### AVAILABLE DATA ###

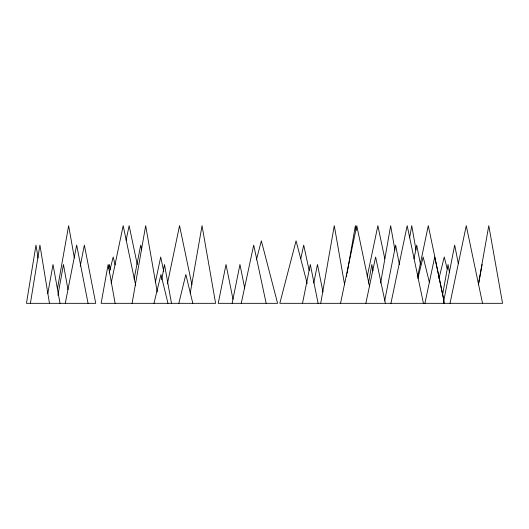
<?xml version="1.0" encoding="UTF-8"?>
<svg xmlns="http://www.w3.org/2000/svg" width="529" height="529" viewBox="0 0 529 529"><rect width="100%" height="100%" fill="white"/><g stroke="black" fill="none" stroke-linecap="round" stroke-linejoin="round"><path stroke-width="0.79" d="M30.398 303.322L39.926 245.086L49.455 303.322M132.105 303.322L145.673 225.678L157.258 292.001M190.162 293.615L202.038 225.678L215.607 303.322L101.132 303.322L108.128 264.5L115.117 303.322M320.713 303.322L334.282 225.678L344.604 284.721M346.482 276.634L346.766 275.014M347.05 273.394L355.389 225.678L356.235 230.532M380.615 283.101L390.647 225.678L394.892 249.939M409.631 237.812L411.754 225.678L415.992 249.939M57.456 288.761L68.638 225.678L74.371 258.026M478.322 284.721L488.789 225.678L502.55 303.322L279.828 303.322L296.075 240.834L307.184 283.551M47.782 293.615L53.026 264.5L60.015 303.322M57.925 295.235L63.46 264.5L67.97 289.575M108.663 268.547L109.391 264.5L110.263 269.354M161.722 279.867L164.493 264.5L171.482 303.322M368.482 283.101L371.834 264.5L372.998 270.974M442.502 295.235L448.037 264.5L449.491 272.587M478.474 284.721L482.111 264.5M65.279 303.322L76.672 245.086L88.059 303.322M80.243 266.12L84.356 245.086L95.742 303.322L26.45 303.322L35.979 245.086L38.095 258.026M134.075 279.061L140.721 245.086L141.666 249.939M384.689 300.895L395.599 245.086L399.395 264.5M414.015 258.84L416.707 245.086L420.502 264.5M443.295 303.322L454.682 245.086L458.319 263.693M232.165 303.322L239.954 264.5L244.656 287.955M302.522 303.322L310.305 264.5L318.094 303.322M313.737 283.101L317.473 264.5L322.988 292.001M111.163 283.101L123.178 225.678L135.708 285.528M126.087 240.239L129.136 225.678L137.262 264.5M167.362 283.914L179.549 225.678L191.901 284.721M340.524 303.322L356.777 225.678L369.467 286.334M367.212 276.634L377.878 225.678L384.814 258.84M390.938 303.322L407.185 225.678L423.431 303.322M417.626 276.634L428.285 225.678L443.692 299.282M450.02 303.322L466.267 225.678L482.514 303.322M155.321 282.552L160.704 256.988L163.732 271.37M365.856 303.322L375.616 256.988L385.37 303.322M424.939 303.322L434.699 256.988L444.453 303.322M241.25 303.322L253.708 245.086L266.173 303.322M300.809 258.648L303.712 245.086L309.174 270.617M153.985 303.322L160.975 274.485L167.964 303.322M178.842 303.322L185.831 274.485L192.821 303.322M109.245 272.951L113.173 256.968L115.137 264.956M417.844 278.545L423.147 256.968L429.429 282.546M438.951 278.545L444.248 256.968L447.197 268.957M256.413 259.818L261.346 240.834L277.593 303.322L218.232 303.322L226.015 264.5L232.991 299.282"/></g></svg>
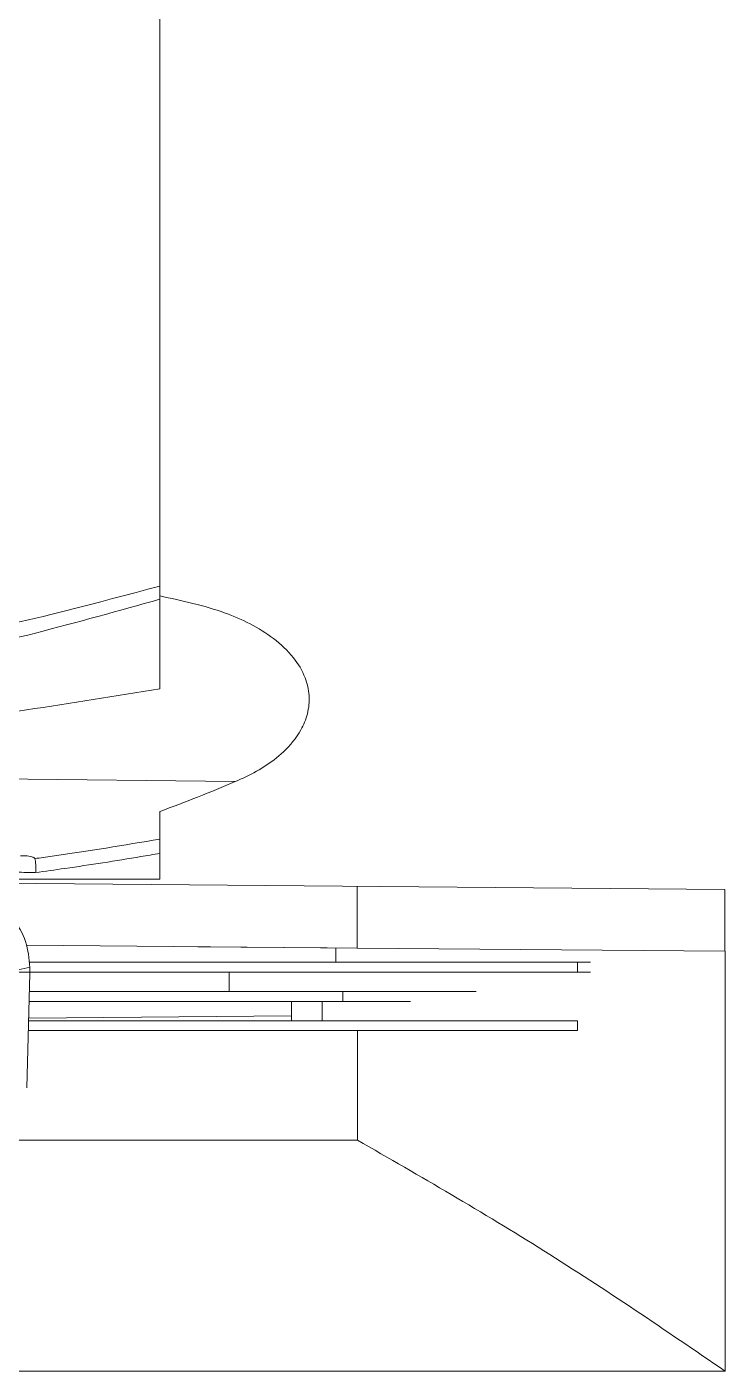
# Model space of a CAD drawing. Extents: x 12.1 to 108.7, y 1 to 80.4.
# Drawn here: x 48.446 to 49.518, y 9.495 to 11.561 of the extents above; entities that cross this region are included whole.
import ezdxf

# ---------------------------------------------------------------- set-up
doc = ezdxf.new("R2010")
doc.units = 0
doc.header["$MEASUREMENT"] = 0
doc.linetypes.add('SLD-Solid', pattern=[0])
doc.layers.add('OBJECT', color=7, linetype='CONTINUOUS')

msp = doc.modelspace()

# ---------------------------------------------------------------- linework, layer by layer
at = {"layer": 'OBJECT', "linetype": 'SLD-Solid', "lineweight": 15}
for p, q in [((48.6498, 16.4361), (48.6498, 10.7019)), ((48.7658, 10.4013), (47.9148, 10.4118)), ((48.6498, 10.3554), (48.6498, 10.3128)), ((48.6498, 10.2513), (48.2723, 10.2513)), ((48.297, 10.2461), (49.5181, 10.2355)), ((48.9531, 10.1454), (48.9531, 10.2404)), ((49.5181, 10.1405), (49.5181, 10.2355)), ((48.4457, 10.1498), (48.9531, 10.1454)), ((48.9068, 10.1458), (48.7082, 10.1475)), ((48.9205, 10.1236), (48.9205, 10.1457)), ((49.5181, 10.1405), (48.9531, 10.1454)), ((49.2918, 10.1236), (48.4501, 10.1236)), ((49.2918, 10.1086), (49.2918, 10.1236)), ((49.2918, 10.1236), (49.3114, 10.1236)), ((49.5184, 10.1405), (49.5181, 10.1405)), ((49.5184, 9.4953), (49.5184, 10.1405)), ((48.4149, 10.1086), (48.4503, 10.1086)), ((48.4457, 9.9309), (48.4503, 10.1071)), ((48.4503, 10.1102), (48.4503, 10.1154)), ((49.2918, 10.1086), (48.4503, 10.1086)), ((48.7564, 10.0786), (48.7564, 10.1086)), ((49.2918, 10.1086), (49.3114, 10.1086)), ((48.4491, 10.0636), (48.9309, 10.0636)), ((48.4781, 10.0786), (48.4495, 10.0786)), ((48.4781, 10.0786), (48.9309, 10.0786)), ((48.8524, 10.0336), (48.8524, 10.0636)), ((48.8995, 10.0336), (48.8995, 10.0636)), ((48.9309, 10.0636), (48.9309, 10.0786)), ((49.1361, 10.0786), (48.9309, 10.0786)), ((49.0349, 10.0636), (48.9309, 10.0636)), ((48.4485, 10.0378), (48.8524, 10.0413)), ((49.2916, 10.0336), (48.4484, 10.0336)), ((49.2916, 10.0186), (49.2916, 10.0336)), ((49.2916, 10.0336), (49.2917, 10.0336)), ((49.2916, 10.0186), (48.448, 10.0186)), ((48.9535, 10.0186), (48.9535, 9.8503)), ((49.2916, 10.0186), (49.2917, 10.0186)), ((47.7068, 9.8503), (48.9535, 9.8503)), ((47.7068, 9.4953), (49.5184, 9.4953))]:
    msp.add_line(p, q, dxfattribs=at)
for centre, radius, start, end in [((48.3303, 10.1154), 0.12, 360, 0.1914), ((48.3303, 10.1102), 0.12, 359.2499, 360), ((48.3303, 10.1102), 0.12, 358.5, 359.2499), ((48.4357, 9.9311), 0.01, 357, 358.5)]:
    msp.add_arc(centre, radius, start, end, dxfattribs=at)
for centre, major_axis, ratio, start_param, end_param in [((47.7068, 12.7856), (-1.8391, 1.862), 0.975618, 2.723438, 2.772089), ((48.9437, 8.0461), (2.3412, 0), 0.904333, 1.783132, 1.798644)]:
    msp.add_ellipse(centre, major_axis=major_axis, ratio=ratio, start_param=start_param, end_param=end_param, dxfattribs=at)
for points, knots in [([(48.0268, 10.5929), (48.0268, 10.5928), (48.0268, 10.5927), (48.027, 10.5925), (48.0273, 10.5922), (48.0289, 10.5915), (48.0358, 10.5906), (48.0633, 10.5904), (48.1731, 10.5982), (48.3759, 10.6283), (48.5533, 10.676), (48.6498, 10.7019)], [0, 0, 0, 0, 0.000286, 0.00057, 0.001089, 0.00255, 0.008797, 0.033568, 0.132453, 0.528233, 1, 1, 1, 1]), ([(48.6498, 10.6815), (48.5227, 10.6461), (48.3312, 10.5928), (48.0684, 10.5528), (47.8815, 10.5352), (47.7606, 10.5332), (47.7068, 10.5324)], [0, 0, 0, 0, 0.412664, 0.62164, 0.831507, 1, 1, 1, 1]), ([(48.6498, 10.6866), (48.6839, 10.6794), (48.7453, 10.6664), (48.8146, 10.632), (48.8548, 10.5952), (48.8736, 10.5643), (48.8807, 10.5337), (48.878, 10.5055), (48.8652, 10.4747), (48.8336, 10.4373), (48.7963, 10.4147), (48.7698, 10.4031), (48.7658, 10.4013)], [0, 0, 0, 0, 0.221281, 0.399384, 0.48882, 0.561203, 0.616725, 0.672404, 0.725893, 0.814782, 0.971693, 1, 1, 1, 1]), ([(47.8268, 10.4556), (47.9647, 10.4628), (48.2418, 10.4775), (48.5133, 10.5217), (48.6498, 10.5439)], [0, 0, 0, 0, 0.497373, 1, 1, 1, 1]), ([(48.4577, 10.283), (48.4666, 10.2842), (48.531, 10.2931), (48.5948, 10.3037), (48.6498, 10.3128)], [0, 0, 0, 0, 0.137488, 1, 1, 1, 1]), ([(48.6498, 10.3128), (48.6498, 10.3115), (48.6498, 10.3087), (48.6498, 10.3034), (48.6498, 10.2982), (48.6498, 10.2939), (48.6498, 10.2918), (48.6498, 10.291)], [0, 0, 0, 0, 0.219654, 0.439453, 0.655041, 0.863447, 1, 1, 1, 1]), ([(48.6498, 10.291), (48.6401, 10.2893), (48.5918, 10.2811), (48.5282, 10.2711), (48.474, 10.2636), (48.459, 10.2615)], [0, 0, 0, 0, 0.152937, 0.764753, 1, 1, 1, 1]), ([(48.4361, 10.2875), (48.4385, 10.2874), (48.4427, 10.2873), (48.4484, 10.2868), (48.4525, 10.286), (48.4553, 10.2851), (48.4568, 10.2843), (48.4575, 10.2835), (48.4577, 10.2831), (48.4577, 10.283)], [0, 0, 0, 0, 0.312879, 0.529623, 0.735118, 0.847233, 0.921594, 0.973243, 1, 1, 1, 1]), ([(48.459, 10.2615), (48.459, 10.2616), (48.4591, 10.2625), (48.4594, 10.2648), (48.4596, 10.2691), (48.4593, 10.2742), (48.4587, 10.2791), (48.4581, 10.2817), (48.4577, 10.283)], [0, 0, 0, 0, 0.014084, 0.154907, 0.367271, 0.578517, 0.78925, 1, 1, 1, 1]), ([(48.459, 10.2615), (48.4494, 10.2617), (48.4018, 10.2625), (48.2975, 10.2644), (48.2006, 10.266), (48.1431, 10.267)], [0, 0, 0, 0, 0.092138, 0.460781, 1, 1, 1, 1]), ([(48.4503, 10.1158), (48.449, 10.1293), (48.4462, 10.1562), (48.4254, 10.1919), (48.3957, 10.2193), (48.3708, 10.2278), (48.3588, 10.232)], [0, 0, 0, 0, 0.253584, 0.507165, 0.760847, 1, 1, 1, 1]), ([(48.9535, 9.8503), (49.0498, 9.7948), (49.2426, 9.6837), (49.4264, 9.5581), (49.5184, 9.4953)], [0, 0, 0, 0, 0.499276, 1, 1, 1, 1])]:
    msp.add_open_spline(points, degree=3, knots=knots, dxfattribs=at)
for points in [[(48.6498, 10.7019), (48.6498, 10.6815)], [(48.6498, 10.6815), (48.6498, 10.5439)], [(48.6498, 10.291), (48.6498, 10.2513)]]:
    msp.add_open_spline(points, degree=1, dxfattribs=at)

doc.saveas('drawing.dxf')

###

- _TASK STATEMENT_: Return all lines of the material above in which "Solid" occurs.

- _FINISHED TASK_:
doc.linetypes.add('SLD-Solid', pattern=[0])
at = {"layer": 'OBJECT', "linetype": 'SLD-Solid', "lineweight": 15}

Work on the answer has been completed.